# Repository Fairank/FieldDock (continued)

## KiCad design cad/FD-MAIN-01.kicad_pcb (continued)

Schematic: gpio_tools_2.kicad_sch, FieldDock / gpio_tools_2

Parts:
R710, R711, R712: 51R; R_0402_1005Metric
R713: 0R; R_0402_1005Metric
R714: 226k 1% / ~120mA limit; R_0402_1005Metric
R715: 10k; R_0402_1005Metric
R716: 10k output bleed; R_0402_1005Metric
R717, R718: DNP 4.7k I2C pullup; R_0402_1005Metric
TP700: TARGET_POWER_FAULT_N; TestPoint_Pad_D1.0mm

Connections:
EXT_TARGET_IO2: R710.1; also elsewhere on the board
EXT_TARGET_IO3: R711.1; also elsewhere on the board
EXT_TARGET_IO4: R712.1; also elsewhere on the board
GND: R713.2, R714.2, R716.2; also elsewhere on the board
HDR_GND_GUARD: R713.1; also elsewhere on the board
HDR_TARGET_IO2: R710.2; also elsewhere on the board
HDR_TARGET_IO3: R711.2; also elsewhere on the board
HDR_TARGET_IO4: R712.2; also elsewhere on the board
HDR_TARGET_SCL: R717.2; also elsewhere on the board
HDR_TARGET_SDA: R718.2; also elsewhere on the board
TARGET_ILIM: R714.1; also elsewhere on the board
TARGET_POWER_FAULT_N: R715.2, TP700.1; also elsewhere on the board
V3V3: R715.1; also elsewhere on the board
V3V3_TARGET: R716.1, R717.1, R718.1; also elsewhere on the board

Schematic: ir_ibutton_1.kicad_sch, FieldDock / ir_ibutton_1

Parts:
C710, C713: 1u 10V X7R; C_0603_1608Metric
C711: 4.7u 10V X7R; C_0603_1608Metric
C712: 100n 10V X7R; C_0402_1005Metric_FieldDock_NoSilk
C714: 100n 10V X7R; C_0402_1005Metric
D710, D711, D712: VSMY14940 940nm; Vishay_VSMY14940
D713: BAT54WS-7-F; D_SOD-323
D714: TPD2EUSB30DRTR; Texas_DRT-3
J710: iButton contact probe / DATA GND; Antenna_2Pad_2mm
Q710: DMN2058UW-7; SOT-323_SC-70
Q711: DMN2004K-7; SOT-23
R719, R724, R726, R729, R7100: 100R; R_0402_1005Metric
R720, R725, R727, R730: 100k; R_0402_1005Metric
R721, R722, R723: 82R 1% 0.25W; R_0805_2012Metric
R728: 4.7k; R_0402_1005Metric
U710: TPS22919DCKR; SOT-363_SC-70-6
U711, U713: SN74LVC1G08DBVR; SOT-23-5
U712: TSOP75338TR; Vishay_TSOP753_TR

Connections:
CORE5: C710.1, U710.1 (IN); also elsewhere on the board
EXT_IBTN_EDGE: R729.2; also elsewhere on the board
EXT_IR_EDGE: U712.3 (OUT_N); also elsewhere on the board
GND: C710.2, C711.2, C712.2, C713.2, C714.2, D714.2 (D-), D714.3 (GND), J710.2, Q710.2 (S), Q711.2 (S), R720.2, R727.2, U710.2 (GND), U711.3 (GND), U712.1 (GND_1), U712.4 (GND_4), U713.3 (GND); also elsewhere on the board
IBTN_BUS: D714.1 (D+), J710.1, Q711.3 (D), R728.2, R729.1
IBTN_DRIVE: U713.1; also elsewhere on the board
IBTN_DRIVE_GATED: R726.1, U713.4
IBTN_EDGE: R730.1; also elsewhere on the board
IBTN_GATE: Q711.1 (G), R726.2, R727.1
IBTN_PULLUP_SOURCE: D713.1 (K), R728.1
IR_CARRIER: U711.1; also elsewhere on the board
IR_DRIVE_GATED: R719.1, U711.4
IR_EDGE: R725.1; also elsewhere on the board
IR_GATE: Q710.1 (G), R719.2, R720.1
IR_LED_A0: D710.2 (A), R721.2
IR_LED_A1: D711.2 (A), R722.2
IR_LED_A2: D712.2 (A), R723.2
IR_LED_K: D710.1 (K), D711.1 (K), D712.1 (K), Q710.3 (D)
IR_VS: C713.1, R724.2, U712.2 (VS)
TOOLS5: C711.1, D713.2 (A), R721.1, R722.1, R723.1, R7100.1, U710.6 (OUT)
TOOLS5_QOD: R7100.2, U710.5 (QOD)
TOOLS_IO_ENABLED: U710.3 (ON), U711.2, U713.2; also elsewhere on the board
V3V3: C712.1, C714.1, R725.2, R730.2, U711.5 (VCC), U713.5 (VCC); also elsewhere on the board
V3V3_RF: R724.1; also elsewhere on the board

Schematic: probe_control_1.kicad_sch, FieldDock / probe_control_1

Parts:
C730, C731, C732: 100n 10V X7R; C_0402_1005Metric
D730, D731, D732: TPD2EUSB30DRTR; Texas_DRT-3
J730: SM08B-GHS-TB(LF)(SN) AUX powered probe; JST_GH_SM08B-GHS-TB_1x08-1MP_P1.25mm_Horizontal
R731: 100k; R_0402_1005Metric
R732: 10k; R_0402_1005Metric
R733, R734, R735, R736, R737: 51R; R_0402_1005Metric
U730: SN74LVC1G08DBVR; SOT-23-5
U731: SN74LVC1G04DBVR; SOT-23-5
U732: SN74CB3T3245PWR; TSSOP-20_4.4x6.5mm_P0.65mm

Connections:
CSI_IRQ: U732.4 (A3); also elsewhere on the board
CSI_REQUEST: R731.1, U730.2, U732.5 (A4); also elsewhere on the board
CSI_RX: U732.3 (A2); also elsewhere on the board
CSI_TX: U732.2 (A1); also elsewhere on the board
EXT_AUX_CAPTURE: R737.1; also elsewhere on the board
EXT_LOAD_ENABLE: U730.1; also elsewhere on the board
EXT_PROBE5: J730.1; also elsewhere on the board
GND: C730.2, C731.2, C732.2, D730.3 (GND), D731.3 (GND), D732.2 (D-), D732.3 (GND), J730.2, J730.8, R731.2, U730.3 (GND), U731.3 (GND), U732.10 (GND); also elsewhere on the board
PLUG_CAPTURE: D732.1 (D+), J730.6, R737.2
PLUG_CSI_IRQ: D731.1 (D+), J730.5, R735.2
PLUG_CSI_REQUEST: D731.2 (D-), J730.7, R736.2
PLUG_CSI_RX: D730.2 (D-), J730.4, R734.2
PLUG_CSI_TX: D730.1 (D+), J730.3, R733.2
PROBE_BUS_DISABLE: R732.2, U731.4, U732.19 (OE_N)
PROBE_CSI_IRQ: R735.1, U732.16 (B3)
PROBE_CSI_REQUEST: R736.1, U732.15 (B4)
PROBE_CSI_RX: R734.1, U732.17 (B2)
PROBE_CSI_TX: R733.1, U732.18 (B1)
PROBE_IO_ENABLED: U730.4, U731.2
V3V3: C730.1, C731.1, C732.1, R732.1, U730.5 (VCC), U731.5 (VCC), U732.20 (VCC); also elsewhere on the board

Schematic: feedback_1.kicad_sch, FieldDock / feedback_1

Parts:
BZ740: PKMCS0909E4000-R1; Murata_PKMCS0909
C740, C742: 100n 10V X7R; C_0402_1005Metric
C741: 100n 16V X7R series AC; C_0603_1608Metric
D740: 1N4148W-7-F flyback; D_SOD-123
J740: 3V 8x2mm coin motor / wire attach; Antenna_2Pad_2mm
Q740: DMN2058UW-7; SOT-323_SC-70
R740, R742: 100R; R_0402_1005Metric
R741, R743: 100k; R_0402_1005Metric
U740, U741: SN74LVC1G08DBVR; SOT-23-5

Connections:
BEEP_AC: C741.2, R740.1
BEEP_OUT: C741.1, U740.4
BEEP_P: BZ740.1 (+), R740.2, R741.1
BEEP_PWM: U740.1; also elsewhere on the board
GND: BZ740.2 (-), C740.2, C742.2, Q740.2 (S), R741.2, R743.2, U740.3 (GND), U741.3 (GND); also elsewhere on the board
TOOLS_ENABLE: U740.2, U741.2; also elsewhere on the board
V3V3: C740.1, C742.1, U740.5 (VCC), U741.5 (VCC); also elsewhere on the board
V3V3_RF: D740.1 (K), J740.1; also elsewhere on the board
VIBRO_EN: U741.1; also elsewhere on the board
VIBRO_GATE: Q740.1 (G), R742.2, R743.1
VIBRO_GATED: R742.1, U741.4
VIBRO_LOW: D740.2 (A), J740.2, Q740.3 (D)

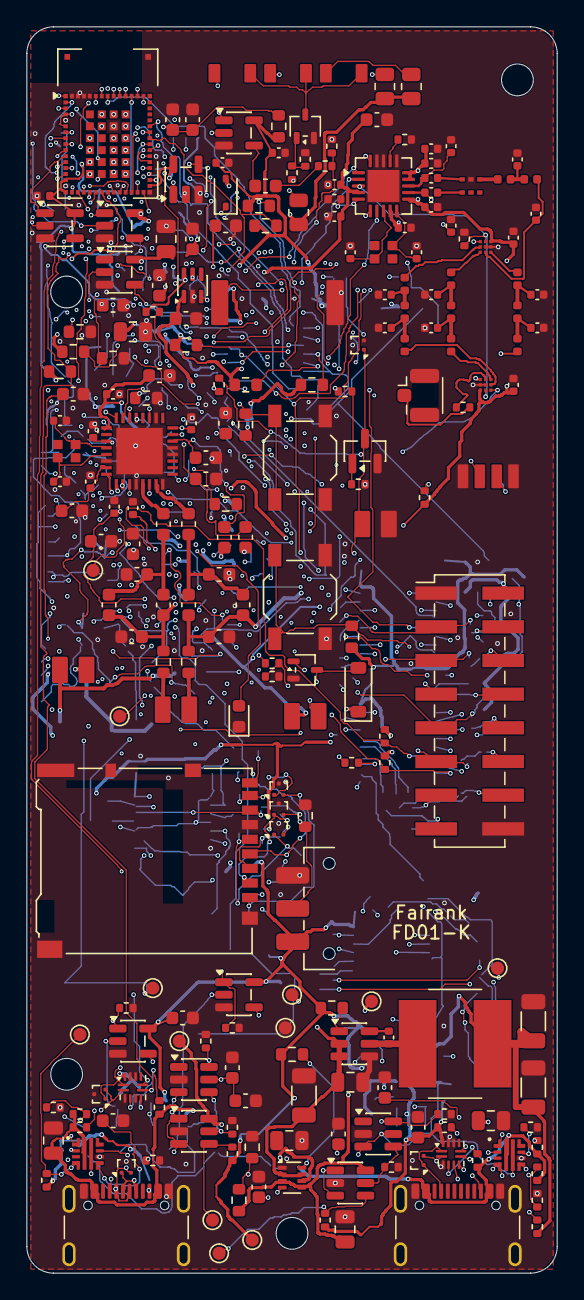
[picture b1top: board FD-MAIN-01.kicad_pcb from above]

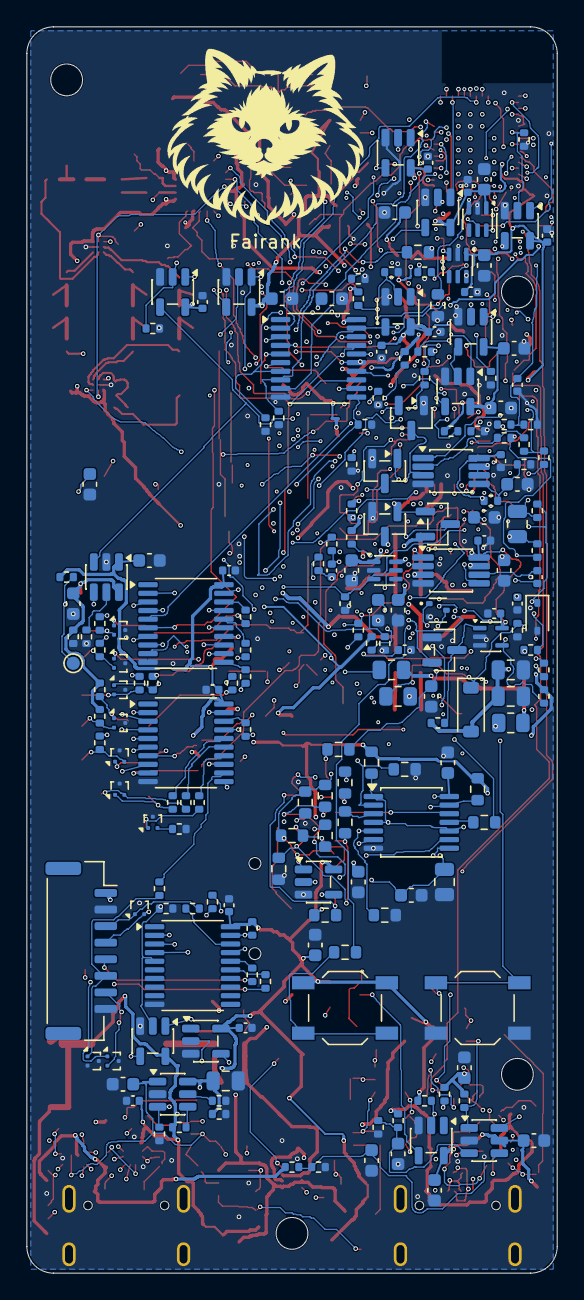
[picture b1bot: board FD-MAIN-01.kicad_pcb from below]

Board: 8 copper layers, 40.0 x 94.0 mm, 424 parts (196 on the bottom side), 271 nets.

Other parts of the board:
H1, H2, H3, H4: M2; MountingHole_2.4mm_M2

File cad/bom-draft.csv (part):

Reference,Value,Footprint,Section,Status
U1,STM32WB5MMGH6TR,RF_Module:ST-SiP-LGA-86-11x7.3mm,mcu,Engineering revision C
U2,SN74LVC1G08DBVR,Package_TO_SOT_SMD:SOT-23-5,controls,Engineering revision C
R1,0R analog feed,Resistor_SMD:R_0603_1608Metric,mcu,Engineering revision C
R2,10k BOOT pulldown,Resistor_SMD:R_0603_1608Metric,mcu,Engineering revision C
R3,10k,Resistor_SMD:R_0603_1608Metric,controls,Engineering revision C
R4,10k,Resistor_SMD:R_0603_1608Metric,controls,Engineering revision C
R5,100k,Resistor_SMD:R_0603_1608Metric,controls,Engineering revision C
R6,100k,Resistor_SMD:R_0603_1608Metric,controls,Engineering revision C
R7,100k,Resistor_SMD:R_0603_1608Metric,controls,Engineering revision C
R8,4.7k,Resistor_SMD:R_0603_1608Metric,mcu,Engineering revision C
R9,4.7k,Resistor_SMD:R_0603_1608Metric,mcu,Engineering revision C
R10,47k,Resistor_SMD:R_0603_1608Metric,mcu,Engineering revision C
R11,47k,Resistor_SMD:R_0603_1608Metric,mcu,Engineering revision C
R12,47k,Resistor_SMD:R_0603_1608Metric,mcu,Engineering revision C
R13,47k,Resistor_SMD:R_0603_1608Metric,mcu,Engineering revision C
R14,10k,Resistor_SMD:R_0603_1608Metric,mcu,Engineering revision C
R15,1k BOOT series,Resistor_SMD:R_0603_1608Metric,controls,Engineering revision C
R16,1k LED,Resistor_SMD:R_0603_1608Metric,controls,Engineering revision C
C1,4.7u 10V X7R,Capacitor_SMD:C_0805_2012Metric,mcu,Engineering revision C
C2,100n 10V X7R,Capacitor_SMD:C_0603_1608Metric,mcu,Engineering revision C
C3,1u 10V X7R,Capacitor_SMD:C_0603_1608Metric,mcu,Engineering revision C
C4,10n 10V X7R,Capacitor_SMD:C_0603_1608Metric,mcu,Engineering revision C
C5,100n RESET,Capacitor_SMD:C_0603_1608Metric,mcu,Engineering revision C
C6,100n USB supply,Capacitor_SMD:C_0603_1608Metric,mcu,Engineering revision C
C7,100n gate supply,Capacitor_SMD:C_0603_1608Metric,controls,Engineering revision C
C8,10u 10V X7R,Capacitor_SMD:C_0805_2012Metric,mcu,Engineering revision C
SW1,RESET,Button_Switch_SMD:SW_SPST_TL3342,controls,Engineering revision C
SW2,CONFIRM,Button_Switch_SMD:SW_SPST_TL3342,controls,Engineering revision C
SW3,STOP_REQUEST,Button_Switch_SMD:SW_SPST_TL3342,controls,Engineering revision C
SW4,HARD_DISABLE / ALLOW,Button_Switch_SMD:SW_SPDT_CK_JS102011SAQN,controls,Engineering revision C
SW5,BOOT_HOLD,Button_Switch_SMD:SW_SPST_TL3342,controls,Engineering revision C
D1,STATUS_LED,LED_SMD:LED_0603_1608Metric,controls,Engineering revision C
U201,TPS2116DRLR,Package_TO_SOT_SMD:SOT-583-8,core_power,Engineering revision C
R201,330k 1%,Resistor_SMD:R_0603_1608Metric,core_power,Engineering revision C
R202,100k 1%,Resistor_SMD:R_0603_1608Metric,core_power,Engineering revision C
R203,10k 1%,Resistor_SMD:R_0603_1608Metric,core_power,Engineering revision C
C201,4.7u 10V X7R,Capacitor_SMD:C_0805_2012Metric,core_power,Engineering revision C
C202,4.7u 10V X7R,Capacitor_SMD:C_0805_2012Metric,core_power,Engineering revision C
C203,22u 10V X7R,Capacitor_SMD:C_1206_3216Metric,core_power,Engineering revision C
U202,AP63203WU-7,Package_TO_SOT_SMD:TSOT-23-6,core_power,Engineering revision C
L201,4.7uH SRN8040TA-4R7M,Inductor_SMD:L_Bourns_SRN8040TA,core_power,Engineering revision C
C204,100n 25V X7R,Capacitor_SMD:C_0402_1005Metric,core_power,Engineering revision C
C205,10u 10V X7R,Capacitor_SMD:C_0805_2012Metric,core_power,Engineering revision C
C206,22u 10V X7R,Capacitor_SMD:C_1206_3216Metric,core_power,Engineering revision C
C207,22u 10V X7R,Capacitor_SMD:C_1206_3216Metric,core_power,Engineering revision C
R204,0R FB sense,Resistor_SMD:R_0603_1608Metric,core_power,Engineering revision C
J101,GCT USB4105-GF-A / PHONE USB2 FS + 5V,Connector_USB:USB_C_Receptacle_GCT_USB4105-xx-A_16P_TopMnt_Horizontal,phone_input,Engineering revision C
J102,GCT USB4105-GF-A / AUX 5V input only,Connector_USB:USB_C_Receptacle_GCT_USB4105-xx-A_16P_TopMnt_Horizontal,aux_input,Engineering revision C
D101,TPD2EUSB30DRTR,Package_TO_SOT_SMD:Texas_DRT-3,phone_input,Engineering revision C
U301,TPS22919DCKR,Package_TO_SOT_SMD:SOT-363_SC-70-6,storage,Engineering revision C
U302,"74LVC125APW,118 Nexperia",Package_SO:TSSOP-14_4.4x5mm_P0.65mm,storage,Engineering revision C
U303,SN74LVC1G32DBVR,Package_TO_SOT_SMD:SOT-23-5,storage,Engineering revision C
J301,DM3AT-SF-PEJM5,Connector_Card:microSD_HC_Hirose_DM3AT-SF-PEJM5,storage,Engineering revision C
D301,TPD2EUSB30DRTR,Package_TO_SOT_SMD:Texas_DRT-3,storage,Engineering revision C
D302,TPD2EUSB30DRTR,Package_TO_SOT_SMD:Texas_DRT-3,storage,Engineering revision C
D303,TPD2EUSB30DRTR,Package_TO_SOT_SMD:Texas_DRT-3,storage,Engineering revision C
R301,100R QOD,Resistor_SMD:R_0603_1608Metric,storage,Engineering revision C
R302,100k,Resistor_SMD:R_0603_1608Metric,storage,Engineering revision C
R303,22R clock damping,Resistor_SMD:R_0603_1608Metric,storage,Engineering revision C
R304,22R command damping,Resistor_SMD:R_0603_1608Metric,storage,Engineering revision C
R305,22R MISO damping,Resistor_SMD:R_0603_1608Metric,storage,Engineering revision C
R306,10k default isolated,Resistor_SMD:R_0603_1608Metric,storage,Engineering revision C
R307,47k,Resistor_SMD:R_0603_1608Metric,storage,Engineering revision C
R308,47k,Resistor_SMD:R_0603_1608Metric,storage,Engineering revision C
R309,47k,Resistor_SMD:R_0603_1608Metric,storage,Engineering revision C
R310,47k,Resistor_SMD:R_0603_1608Metric,storage,Engineering revision C
R311,47k,Resistor_SMD:R_0603_1608Metric,storage,Engineering revision C
R312,47k,Resistor_SMD:R_0603_1608Metric,storage,Engineering revision C
R313,1k detect series,Resistor_SMD:R_0603_1608Metric,storage,Engineering revision C
R314,100k,Resistor_SMD:R_0603_1608Metric,storage,Engineering revision C
R315,100k,Resistor_SMD:R_0603_1608Metric,storage,Engineering revision C
R316,10k,Resistor_SMD:R_0603_1608Metric,storage,Engineering revision C
C301,1u 10V X7R,Capacitor_SMD:C_0603_1608Metric,storage,Engineering revision C
C302,10u 10V X7R,Capacitor_SMD:C_0805_2012Metric,storage,Engineering revision C
C303,100n 10V X7R,Capacitor_SMD:C_0603_1608Metric,storage,Engineering revision C
C304,100n 10V X7R,Capacitor_SMD:C_0603_1608Metric,storage,Engineering revision C
C305,100n 10V X7R,Capacitor_SMD:C_0603_1608Metric,storage,Engineering revision C
C306,10n detect filter,Capacitor_SMD:C_0603_1608Metric,storage,Engineering revision C
U110,TUSB320LAIRWBR,Package_DFN_QFN:Texas_X2QFN-12_1.6x1.6mm_P0.4mm,phone_input,Engineering revision C
R110,887k 1%,Resistor_SMD:R_0402_1005Metric,phone_input,Engineering revision C
C110,100n 10V X7R,Capacitor_SMD:C_0603_1608Metric,phone_input,Engineering revision C
D110,TPD2EUSB30DRTR,Package_TO_SOT_SMD:Texas_DRT-3,phone_input,Engineering revision C
U111,TPS259470LRPWR,FieldDock:Texas_RPW0010A,phone_input,Engineering revision C
R112,470k 1%,Resistor_SMD:R_0402_1005Metric,phone_input,Engineering revision C
R113,34.8k 0.1%,Resistor_SMD:R_0402_1005Metric,phone_input,Engineering revision C
R114,10.0k 0.1%,Resistor_SMD:R_0402_1005Metric,phone_input,Engineering revision C
R115,6.65k 1%,Resistor_SMD:R_0402_1005Metric,phone_input,Engineering revision C
C111,1u 50V X7R,Capacitor_SMD:C_0805_2012Metric,phone_input,Engineering revision C
C112,10n 50V X7R,Capacitor_SMD:C_0603_1608Metric,phone_input,Engineering revision C
C113,1u 10V X7R,Capacitor_SMD:C_0603_1608Metric,phone_input,Engineering revision C
U112,TPS2553DBVR,Package_TO_SOT_SMD:SOT-23-6,phone_input,Engineering revision C
U113,TS5A3159ADBVR,Package_TO_SOT_SMD:SOT-23-6,phone_input,Engineering revision C
R116,64.9k 1%,Resistor_SMD:R_0402_1005Metric,phone_input,Engineering revision C
U114,SN74LVC1G08DBVR,Package_TO_SOT_SMD:SOT-23-5,phone_input,Engineering revision C
R117,100k 1%,Resistor_SMD:R_0402_1005Metric,phone_input,Engineering revision C
R118,100k 1%,Resistor_SMD:R_0402_1005Metric,phone_input,Engineering revision C
C114,100n 10V X7R,Capacitor_SMD:C_0603_1608Metric,phone_input,Engineering revision C
C115,100n 10V X7R,Capacitor_SMD:C_0603_1608Metric,phone_input,Engineering revision C
R119,100k 1%,Resistor_SMD:R_0402_1005Metric,phone_input,Engineering revision C

==================================================

## [WHAT THE TASK ASKS]
Nothing but the lines from the start of the data through the line holding "U711, U713: SN74LVC1G08DBVR; SOT-23-5" should be restated, and each one exactly.

## [REPLY TO THE EXERCISE]
# Repository Fairank/FieldDock (continued)

## KiCad design cad/FD-MAIN-01.kicad_pcb (continued)

Schematic: gpio_tools_2.kicad_sch, FieldDock / gpio_tools_2

Parts:
R710, R711, R712: 51R; R_0402_1005Metric
R713: 0R; R_0402_1005Metric
R714: 226k 1% / ~120mA limit; R_0402_1005Metric
R715: 10k; R_0402_1005Metric
R716: 10k output bleed; R_0402_1005Metric
R717, R718: DNP 4.7k I2C pullup; R_0402_1005Metric
TP700: TARGET_POWER_FAULT_N; TestPoint_Pad_D1.0mm

Connections:
EXT_TARGET_IO2: R710.1; also elsewhere on the board
EXT_TARGET_IO3: R711.1; also elsewhere on the board
EXT_TARGET_IO4: R712.1; also elsewhere on the board
GND: R713.2, R714.2, R716.2; also elsewhere on the board
HDR_GND_GUARD: R713.1; also elsewhere on the board
HDR_TARGET_IO2: R710.2; also elsewhere on the board
HDR_TARGET_IO3: R711.2; also elsewhere on the board
HDR_TARGET_IO4: R712.2; also elsewhere on the board
HDR_TARGET_SCL: R717.2; also elsewhere on the board
HDR_TARGET_SDA: R718.2; also elsewhere on the board
TARGET_ILIM: R714.1; also elsewhere on the board
TARGET_POWER_FAULT_N: R715.2, TP700.1; also elsewhere on the board
V3V3: R715.1; also elsewhere on the board
V3V3_TARGET: R716.1, R717.1, R718.1; also elsewhere on the board

Schematic: ir_ibutton_1.kicad_sch, FieldDock / ir_ibutton_1

Parts:
C710, C713: 1u 10V X7R; C_0603_1608Metric
C711: 4.7u 10V X7R; C_0603_1608Metric
C712: 100n 10V X7R; C_0402_1005Metric_FieldDock_NoSilk
C714: 100n 10V X7R; C_0402_1005Metric
D710, D711, D712: VSMY14940 940nm; Vishay_VSMY14940
D713: BAT54WS-7-F; D_SOD-323
D714: TPD2EUSB30DRTR; Texas_DRT-3
J710: iButton contact probe / DATA GND; Antenna_2Pad_2mm
Q710: DMN2058UW-7; SOT-323_SC-70
Q711: DMN2004K-7; SOT-23
R719, R724, R726, R729, R7100: 100R; R_0402_1005Metric
R720, R725, R727, R730: 100k; R_0402_1005Metric
R721, R722, R723: 82R 1% 0.25W; R_0805_2012Metric
R728: 4.7k; R_0402_1005Metric
U710: TPS22919DCKR; SOT-363_SC-70-6
U711, U713: SN74LVC1G08DBVR; SOT-23-5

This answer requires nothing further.